Here’s something to remember when it comes to risk management… an unlikely outcome is not the same as an impossible one.
For a good example, let’s look at some sports betting action from the NFL playoff game between the Los Angeles Chargers and Jacksonville Jaguars on January 14th. The pivotal moment came with just over 4 minutes left in the 2nd quarter. The Chargers had just kicked a field goal to take a 27-0 lead over the Jaguars. At that point in the game, the Chargers’ win probability was somewhere around 98%. A win by the Jaguars was very unlikely. But as we all know about sports, miracle comebacks can happen.
However, one Chargers fan decided that unlikely did in fact equal impossible. And this fan spotted an opportunity to harvest some easy money by placing a $1,400,000 bet that the Chargers would win the game. However, because the odds already favored the Chargers, the net payout or return on this investment was pretty paltry… $11,200.
Just let that sink in for a moment. This person put $1,400,000 at risk in order to earn $11,200! In percentage terms, they put 100% of their money at risk to earn a measly 0.80%. That’s pretty crazy!
Unfortunately, luck was not on the side of this individual. The Jaguars indeed completed a miraculous comeback and won the game 31-30. And the bettor lost the entire $1,400,000.
Repeat it with me this time… unlikely does not equal impossible.
Risk Management is crucial
Whether you are betting on sports or investing for retirement, risk management is crucial. Warren Buffett famously has two rules when it comes to investing:
1) Don’t lose money
2) Don’t forget Rule #1
Many people take these rules literally and say, “That’s impossible, how can you never lose money when the stock market goes up and down all the time?”

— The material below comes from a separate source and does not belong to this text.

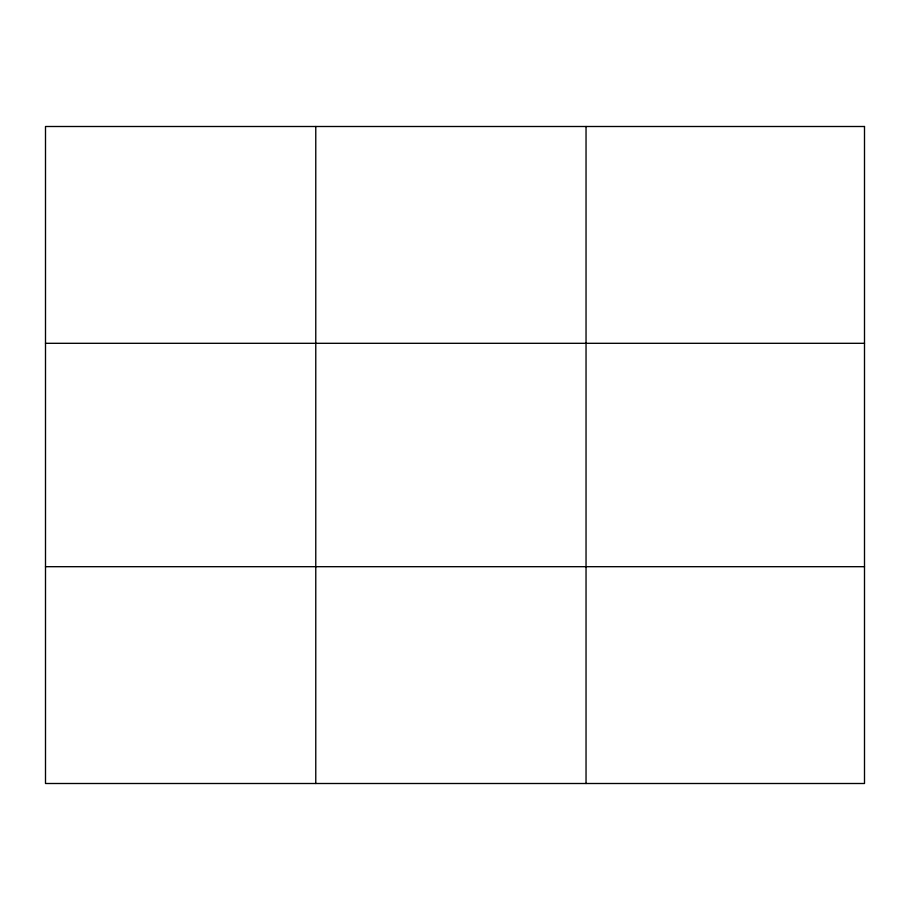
<?xml version="1.0" encoding="UTF-8"?>
<svg xmlns="http://www.w3.org/2000/svg" width="910" height="910" viewBox="0 0 910 910"><rect width="100%" height="100%" fill="white"/><g stroke="black" fill="none" stroke-linecap="round" stroke-linejoin="round"><path stroke-width="1.36" d="M315.77 783.499L315.77 126.501M586.04 783.499L586.04 126.501M45.5 343.309L864.5 343.309M45.5 566.691L864.5 566.691M864.5 126.501L864.5 783.499L45.5 783.499L45.5 126.501L864.5 126.501"/></g></svg>

However, Buffett’s main point wasn’t to say that the value of your investments will never go down over the short-term, but rather that an investor should never put themselves in a position where the value of an investment will go down permanently. The individual who placed the bet on the Chargers violated Rule #1… they put their investment capital at risk of being lost forever, and that is exactly what happened.
Another error to point out is that the bettor also failed to consider other profit opportunities. For instance, the bettor could have earned $11,200 with very little risk by buying a short-term Treasury Bill and holding it for about 2 months. What’s more, depending on what state this individual lived in, they would have done even better on an after-tax basis as interest on US Treasuries is exempt from state taxes, but gambling winnings are not. Granted, buying a Treasury Bill doesn’t have the same excitement factor as betting on a football game.
The lesson here is that we ignore risk management at out peril. Seemingly small risks can explode into major issues if not addressed. I’m optimistic that this Chargers fan will be able to bounce back from losing $1,400,000. The rest of us, however, should stay laser focused on managing risk and making sound decisions.